Maybe you’re still recovering from the challenge of feeding a dozen people at Thanksgiving. If so, consider Tommy Mergola, who fed more than 400.
That was nothing new. For 26 years, Tommy has coordinated – although that may be too mild a term for his leadership style – Thanksgiving dinner in Hackensack for Family Promise of Bergen County and its predecessor, the Interreligious Fellowship for the Homeless.
And this year he also supervised – again, maybe too weak a word – Family Promise’s Christmas dinner for the hungry at the county homeless shelter, as well as a related dinner across town at Christ Episcopal Church.
Tommy’s connection with what became Family Promise began in 1994, when he showed up to volunteer at the Thanksgiving dinner in Hackensack.
Tommy, a former Army officer and head altar boy who likes structure, found chaos. “There were 20 people in the kitchen, arguing,’’ he recalls. “I went and hung out with the people in the dining room.’’
The following year, he and another volunteer, Kate Duggan, were asked to run the kitchen. The year after that, they ran the entire dinner.
The dinner evolved into something more than a dinner. “it’s a community event,’’ he says, one that now includes a food drive for the Center for Food Action in Hackensack. This year the appeal produced 203 turkeys, 12 spiral hams, 68 canned hams and more than 1,800 cans and boxes of non-perishable food items.
When the county Housing, Health, and Human Services building opened 13 years ago, that became the dinner’s primary base of operations.
Tommy, who is 56, begins to plan the Thanksgiving meal and line up donations in August because “I don’t like surprises.’’ There are usually three meetings for volunteers. Veterans must attend at least one meeting, rookies two.

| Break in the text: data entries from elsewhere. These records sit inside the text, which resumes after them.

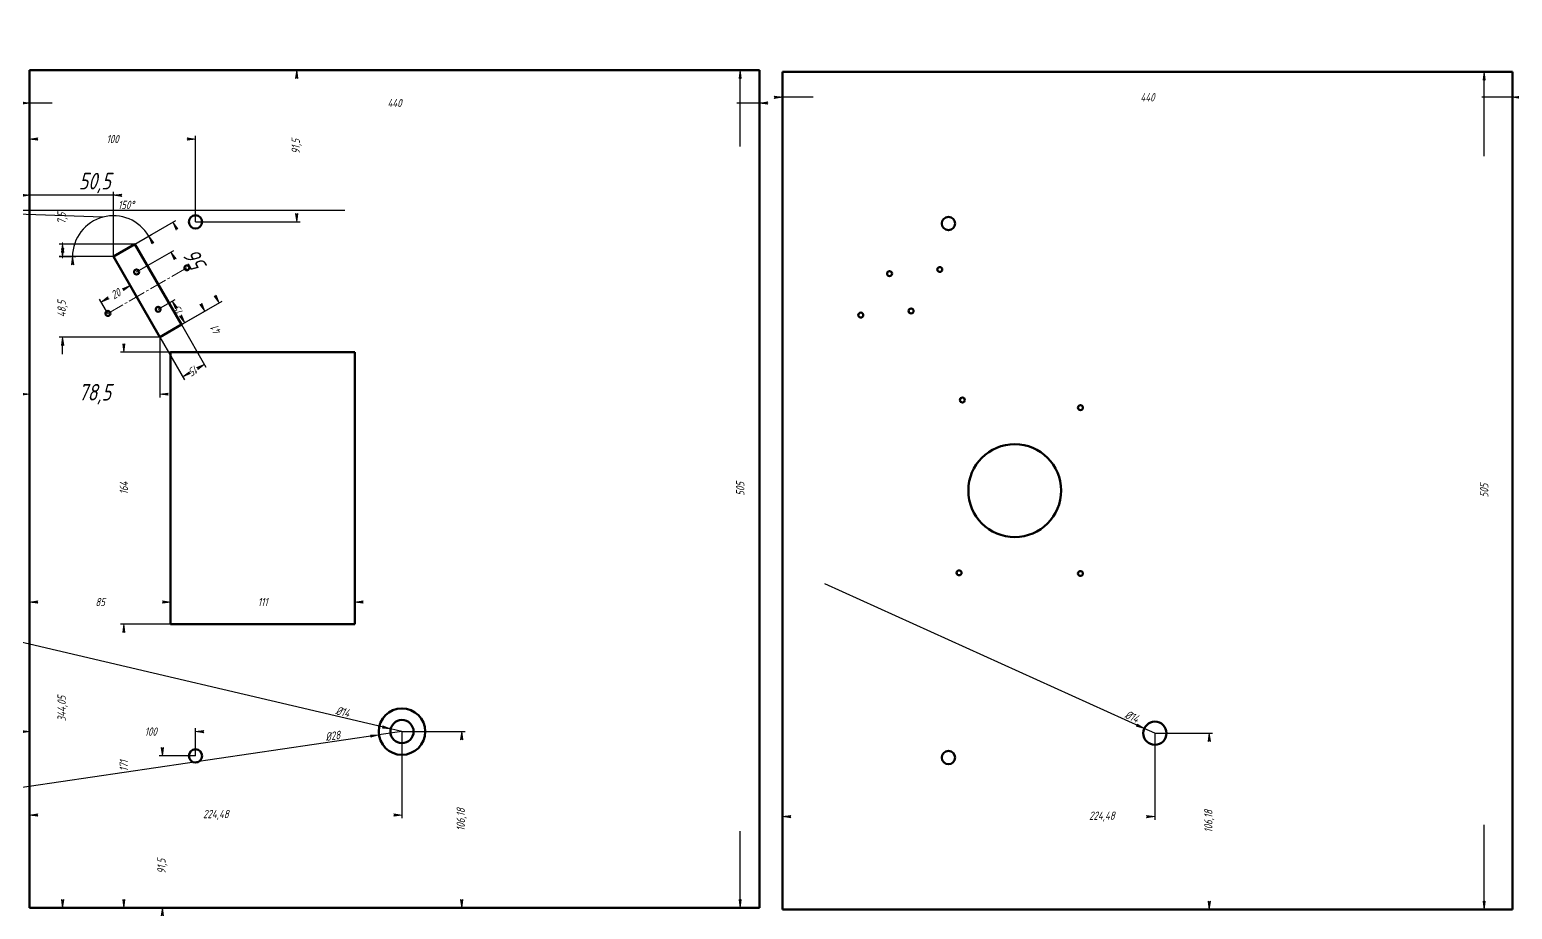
# Model space of a CAD drawing. Header units: millimetres. Extents: x -326 to 568, y 524 to 1470.
# Drawn here: x -326 to 568, y 940 to 1470 of the extents above; entities that cross this region are included whole.
import ezdxf

# ---------------------------------------------------------------- set-up
doc = ezdxf.new("R2010")
doc.units = ezdxf.units.MM
for name, pattern in [('K5LT_AXLED', [14.875, 10.375, -1.5, 1.5, -1.5]), ('K5LT_BASIC', [0]), ('K5LT_THIN', [0])]:
    doc.linetypes.add(name, pattern=pattern)
doc.layers.add('Системный слой', color=7, linetype='Continuous')
doc.styles.add('KDIMTEXTSTYLE', font='GOST_AU.SHX', dxfattribs={"width": 0.96, "oblique": 15, "height": 5})
doc.dimstyles.new('KDIMSTYLE (1.00)', dxfattribs={"dimtxt": 5, "dimasz": 1, "dimexe": 2, "dimexo": 0, "dimgap": 1, "dimtad": 1, "dimtxsty": 'KDIMTEXTSTYLE', "dimsah": 1, "dimcen": 0, "dimdle": 1, "dimadec": 0, "dimazin": 0, "dimtfac": 0.667, "dimtmove": 0, "dimatfit": 3, "dimfxl": 1, "dimtvp": 1, "dimtolj": 1, "dimtzin": 0, "dimarcsym": 0})

# ---------------------------------------------------------------- blocks, each defined once
blk = doc.blocks.new('KDIMARROW_01')
at = {"layer": 'Системный слой'}
blk.add_hatch(color=0, dxfattribs=at).paths.add_polyline_path([(0, 0), (-5, 0.658262491226197), (-4.5, 6e-16), (-5, -0.6582624912261956)])
at = {"layer": 'Системный слой', "color": 0, "linetype": 'K5LT_THIN', "lineweight": 18}
for p, q in [((-4.5, 6e-16), (-5, 0.658262491226197)), ((-5, 0.658262491226197), (0, 0)), ((0, 0), (-5, -0.6582624912261956)), ((-5, -0.6582624912261956), (-4.5, 6e-16)), ((0, 0), (-1, 0))]:
    blk.add_line(p, q, dxfattribs=at)
blk = doc.blocks.new('KDIMARROW_02')
at = {"layer": 'Системный слой'}
blk.add_hatch(color=0, dxfattribs=at).paths.add_polyline_path([(4.5, -6e-16), (5, 0.6582624912261956), (0, 0), (5, -0.658262491226197)])
at = {"layer": 'Системный слой', "color": 0, "linetype": 'K5LT_THIN', "lineweight": 18}
for p, q in [((0, 0), (-1, 0)), ((5, 0.6582624912261956), (0, 0)), ((0, 0), (5, -0.658262491226197)), ((0, 0), (7, -9e-16)), ((4.5, -6e-16), (5, 0.6582624912261956)), ((5, -0.658262491226197), (4.5, -6e-16))]:
    blk.add_line(p, q, dxfattribs=at)

msp = doc.modelspace()

# ---------------------------------------------------------------- linework, layer by layer
at = {"layer": 'Системный слой', "color": 150, "linetype": 'K5LT_BASIC', "lineweight": 60, "true_color": 0x0080ff}
for p, q in [((-326.0334660406671, 1445.658961869227), (-326.0334660406671, 940.6589618692267)), ((113.9665339593328, 1445.658961869227), (-326.0334660406671, 1445.658961869227)), ((113.9665339593329, 940.6589618692267), (113.9665339593328, 1445.658961869227)), ((127.9375028516395, 939.6589618692267), (127.9375028516394, 1444.658961869227)), ((127.9375028516394, 1444.658961869227), (567.9375028516395, 1444.658961869227)), ((567.9375028516395, 1444.658961869227), (567.9375028516395, 939.6589618692267)), ((-262.5599831889253, 1340.705205212288), (-275.5503642456919, 1333.205205212288)), ((-275.5503642456919, 1333.205205212288), (-247.5503642456919, 1284.70778260036)), ((-234.5599831889253, 1292.20778260036), (-262.5599831889253, 1340.705205212288)), ((-247.5503642456919, 1284.70778260036), (-234.5599831889253, 1292.20778260036)), ((-130.0334660406671, 1275.658961869227), (-241.0334660406671, 1275.658961869227)), ((-241.0334660406671, 1275.658961869227), (-241.0334660406671, 1111.658961869227)), ((-130.0334660406671, 1111.658961869227), (-130.0334660406671, 1275.658961869227)), ((-241.0334660406671, 1111.658961869227), (-130.0334660406671, 1111.658961869227)), ((-326.0334660406671, 940.6589618692267), (113.9665339593329, 940.6589618692267)), ((567.9375028516395, 939.6589618692267), (127.9375028516395, 939.6589618692267))]:
    msp.add_line(p, q, dxfattribs=at)
at = {"layer": 'Системный слой', "color": 30, "linetype": 'K5LT_AXLED', "lineweight": 18, "true_color": 0xff8000}
msp.add_line((-278.8708723213804, 1298.956493906324), (-231.2394751132366, 1326.456493906324), dxfattribs=at)
at = {"layer": 'Системный слой', "color": 150, "linetype": 'K5LT_BASIC', "lineweight": 60, "true_color": 0x0080ff}
for centre, radius in [((-226.0334660406671, 1354.158961869227), 4), ((227.9375028516395, 1353.158961869227), 4), ((-261.5551737173086, 1323.964824155522), 1.5), ((-231.2394751132366, 1326.456493906324), 1.5), ((192.415795174998, 1322.964824155522), 1.5), ((222.73149377907, 1325.456493906324), 1.5), ((-278.8708723213804, 1298.956493906324), 1.5), ((-248.5551737173086, 1301.448163657126), 1.5), ((175.1000965709262, 1297.956493906324), 1.5), ((205.415795174998, 1300.448163657126), 1.5), ((236.3365949775716, 1246.758961869227), 1.5), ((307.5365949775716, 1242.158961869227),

“Some people come and realize it’s not for them,’’ he explains. “They just want to come for two hours and serve food on a plate. That’s not us.’’
Planning has become even more essential, because COVID rules restrict the number of workers in the shelter kitchen to 12.
“I can’t just have a plan. I have to have a Plan B, a Plan C and a Plan D. What if someone doesn’t show up with the food? I don’t like to run out of food.
If he can occasionally come across as a taskmaster, he says, that is not his intent; he sees himself as a collaborator, working with others to help those he calls “our brothers and sisters in need.’’
He might not mention that he also was instrumental in connecting Family Promise in 2020 with World Central Kitchen, the non-profit founded by celebrity chef Jose Andres.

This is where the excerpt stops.